The police’s decision to arrest her for exposed breasts, combined with their decision to jail her based on her legal sex, says exactly what most of us already understand, that it doesn’t matter where you fall on the gender spectrum, it doesn’t even matter what sex you are, what matters is that the traditionally feminine breast is subject to patriarchal sexualization and subsequent repression.

Breast hypersexualization is a particular phenomenon in the West. Far removed is western society from simply being attracted to the breast for its potential contribution to the species via reproduction and general special continuation (not to say that is where western society needs to be). For the patriarchal gaze, Western society finds itself now injecting, inflating, and piercing the breast.

And while people with breasts are socialized to understand that breasts are for this sexually driven gaze, they are also socialized to understand that their breasts are always supposed to be covered up until such a time that someone wishes to sexualize them, when those without breasts have the right to run around without shirts or bras or pasties without the risk of being arrested or persecuted.

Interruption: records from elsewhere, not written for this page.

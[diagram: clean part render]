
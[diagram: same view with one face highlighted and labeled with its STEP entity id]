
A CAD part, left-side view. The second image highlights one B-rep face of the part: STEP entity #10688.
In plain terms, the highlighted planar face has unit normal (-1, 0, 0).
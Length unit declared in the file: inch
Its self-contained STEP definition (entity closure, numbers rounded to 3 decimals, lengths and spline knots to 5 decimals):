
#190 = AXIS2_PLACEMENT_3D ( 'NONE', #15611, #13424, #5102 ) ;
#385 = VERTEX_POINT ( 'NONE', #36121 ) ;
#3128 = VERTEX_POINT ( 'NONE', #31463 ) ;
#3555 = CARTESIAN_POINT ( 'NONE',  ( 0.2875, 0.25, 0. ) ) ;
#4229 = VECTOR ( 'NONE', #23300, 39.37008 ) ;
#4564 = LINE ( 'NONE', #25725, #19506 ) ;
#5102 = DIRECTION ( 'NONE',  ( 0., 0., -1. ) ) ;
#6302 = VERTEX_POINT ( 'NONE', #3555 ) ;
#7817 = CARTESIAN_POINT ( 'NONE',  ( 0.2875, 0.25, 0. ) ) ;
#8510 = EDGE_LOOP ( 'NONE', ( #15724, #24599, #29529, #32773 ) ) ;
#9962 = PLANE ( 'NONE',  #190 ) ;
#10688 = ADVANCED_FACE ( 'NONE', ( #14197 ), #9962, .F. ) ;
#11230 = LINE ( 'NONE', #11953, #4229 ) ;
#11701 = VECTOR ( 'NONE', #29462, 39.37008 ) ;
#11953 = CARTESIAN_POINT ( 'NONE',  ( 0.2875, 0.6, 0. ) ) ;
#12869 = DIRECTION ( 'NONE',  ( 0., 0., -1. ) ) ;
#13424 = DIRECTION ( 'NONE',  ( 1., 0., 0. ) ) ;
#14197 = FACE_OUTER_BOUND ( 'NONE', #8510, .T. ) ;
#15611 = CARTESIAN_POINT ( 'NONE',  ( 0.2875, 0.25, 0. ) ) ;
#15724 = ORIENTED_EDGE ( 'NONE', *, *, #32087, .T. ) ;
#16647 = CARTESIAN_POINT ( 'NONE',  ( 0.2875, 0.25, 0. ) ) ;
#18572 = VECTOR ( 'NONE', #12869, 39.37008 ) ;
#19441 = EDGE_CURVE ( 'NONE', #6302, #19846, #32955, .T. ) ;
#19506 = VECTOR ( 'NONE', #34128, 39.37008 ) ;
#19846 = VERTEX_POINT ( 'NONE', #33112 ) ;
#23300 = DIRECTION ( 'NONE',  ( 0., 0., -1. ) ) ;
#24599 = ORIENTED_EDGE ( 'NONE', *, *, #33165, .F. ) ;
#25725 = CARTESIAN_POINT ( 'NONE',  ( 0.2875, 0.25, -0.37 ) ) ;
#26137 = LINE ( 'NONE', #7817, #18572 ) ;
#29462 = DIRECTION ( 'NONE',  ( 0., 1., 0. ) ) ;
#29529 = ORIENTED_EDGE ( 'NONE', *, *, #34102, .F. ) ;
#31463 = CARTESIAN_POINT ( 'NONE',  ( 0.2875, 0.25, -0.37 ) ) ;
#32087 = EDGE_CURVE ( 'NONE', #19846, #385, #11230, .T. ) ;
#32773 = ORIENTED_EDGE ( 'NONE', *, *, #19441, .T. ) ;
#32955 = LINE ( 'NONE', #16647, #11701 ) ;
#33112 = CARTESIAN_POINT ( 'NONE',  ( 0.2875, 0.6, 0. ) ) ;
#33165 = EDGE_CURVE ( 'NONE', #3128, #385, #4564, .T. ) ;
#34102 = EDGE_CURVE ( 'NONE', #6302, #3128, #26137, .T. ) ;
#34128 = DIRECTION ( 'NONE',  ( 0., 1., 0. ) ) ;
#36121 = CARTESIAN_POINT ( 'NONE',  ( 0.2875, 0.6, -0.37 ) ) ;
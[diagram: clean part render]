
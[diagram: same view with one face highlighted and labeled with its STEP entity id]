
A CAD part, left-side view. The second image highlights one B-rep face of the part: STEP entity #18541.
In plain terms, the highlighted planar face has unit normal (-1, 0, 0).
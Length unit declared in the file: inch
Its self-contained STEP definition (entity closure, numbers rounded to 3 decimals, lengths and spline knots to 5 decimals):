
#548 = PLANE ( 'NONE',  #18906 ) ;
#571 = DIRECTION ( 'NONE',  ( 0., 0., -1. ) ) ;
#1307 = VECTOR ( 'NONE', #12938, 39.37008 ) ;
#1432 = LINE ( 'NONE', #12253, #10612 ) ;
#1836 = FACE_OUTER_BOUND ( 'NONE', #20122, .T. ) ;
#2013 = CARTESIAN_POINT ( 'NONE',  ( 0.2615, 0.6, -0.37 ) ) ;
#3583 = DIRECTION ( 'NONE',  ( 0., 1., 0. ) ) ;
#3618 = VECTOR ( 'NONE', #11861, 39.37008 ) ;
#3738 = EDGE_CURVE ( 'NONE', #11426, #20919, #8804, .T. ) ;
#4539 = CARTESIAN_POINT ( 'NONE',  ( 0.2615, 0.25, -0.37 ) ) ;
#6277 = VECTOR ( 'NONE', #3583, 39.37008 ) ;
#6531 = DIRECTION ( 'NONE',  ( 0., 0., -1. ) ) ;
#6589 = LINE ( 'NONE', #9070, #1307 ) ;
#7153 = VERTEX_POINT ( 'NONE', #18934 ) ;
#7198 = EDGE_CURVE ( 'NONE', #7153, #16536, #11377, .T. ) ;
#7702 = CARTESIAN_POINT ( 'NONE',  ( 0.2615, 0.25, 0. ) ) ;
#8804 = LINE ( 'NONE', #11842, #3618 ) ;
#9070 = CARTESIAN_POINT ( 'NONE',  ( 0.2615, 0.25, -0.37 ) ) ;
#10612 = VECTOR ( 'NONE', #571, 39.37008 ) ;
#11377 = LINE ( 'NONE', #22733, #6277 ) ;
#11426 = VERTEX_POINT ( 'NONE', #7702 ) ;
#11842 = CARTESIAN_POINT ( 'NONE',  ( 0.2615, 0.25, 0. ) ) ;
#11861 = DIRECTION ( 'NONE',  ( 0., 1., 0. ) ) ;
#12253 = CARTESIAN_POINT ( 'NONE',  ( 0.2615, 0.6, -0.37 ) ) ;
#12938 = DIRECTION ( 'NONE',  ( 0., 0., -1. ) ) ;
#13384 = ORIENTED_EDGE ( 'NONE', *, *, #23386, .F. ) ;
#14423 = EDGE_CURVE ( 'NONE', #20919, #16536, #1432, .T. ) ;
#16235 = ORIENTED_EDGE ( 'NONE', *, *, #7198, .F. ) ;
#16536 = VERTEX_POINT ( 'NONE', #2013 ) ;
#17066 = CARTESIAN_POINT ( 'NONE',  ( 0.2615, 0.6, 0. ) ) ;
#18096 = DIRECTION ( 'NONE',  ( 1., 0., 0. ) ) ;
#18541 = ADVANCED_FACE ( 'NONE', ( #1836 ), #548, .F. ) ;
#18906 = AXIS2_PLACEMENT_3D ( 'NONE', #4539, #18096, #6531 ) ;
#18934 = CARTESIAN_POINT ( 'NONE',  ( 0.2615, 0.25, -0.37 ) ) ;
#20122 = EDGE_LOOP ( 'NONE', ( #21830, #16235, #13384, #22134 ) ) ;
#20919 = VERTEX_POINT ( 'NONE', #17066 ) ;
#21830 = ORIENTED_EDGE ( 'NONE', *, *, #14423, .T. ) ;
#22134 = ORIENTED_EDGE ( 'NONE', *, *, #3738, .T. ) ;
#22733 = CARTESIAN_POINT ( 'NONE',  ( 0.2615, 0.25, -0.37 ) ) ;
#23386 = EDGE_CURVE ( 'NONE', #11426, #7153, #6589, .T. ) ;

Topfreedom’s main tenet within the movement is actually fighting for the right to breastfeed in public. Not only are there legal concerns to contend with, but there is also the sexual gaze. A popular direct action against archaic breastfeeding laws are for those who are breastfeeding to have Nurse-ins. A nurse-in is when breastfeeding mothers and their babies gather at a specific location (such as a restaurant, a park, a public building, etc) to breastfeed and to call attention to criminalized breastfeeding.

While forty-five states, the District of Columbia and the Virgin Islands have laws that specifically allow women to breastfeed in any public or private location, only twenty-eight exempt breastfeeding from public indecency laws. That leaves three states (Michigan, South Dakota, Virginia) that exempt breastfeeding from public indecency laws but that don’t specifically allow women to breastfeed in any public or private location. That leaves two states (Idaho and West Virginia) with no laws regarding breastfeeding in public or exemptions for breastfeeding from public indecency laws.

People have a right to breastfeed their children – it is their right to do it wherever they please and whenever they please and they should not face being chastised, arrested, gawked or pointed at for it.

The right for the breasted individual to sunbathe topless is another big goal for the Topfreedom movement. Common, especially in the more mainstream discourse, is an argument that comes out something similar to *Insert image of bigger, barechested individual here* “If those boobs are okay,” *Insert image of breasts* “then why aren’t these?”

But the point remains the same, why does social convention continue to demand that the breasted chest be covered up? Why is it seen as shocking, indecent, and immoral when breasts are bared?

The truth? There is no logical reason. The patriarchy does not depend on logic, it depends on perpetuating age-old power structures.

Interestingly, the court, when ruling against Phoenix Feeley in 2008, released the following statement, “Restrictions on the exposure of the female breast are supported by the important governmental interest in safeguarding the public’s moral sensibilities.”

The court’s feeble attempt at hiding suppression, repression, and oppression of a person’s choice to do what they will with their own bodies, especially when it will cause no harm to anyone or anything else behind the veil of “governmental interest” and that they evoke “the public’s moral sensibilities” is laughable.

There are many sides to see the Topfreedom debate from the right of a person with breasts to go topless to the right to freedom of choice as well as breast desexualization. All are important as Topfreedom activists move toward body autonomy and equality in society.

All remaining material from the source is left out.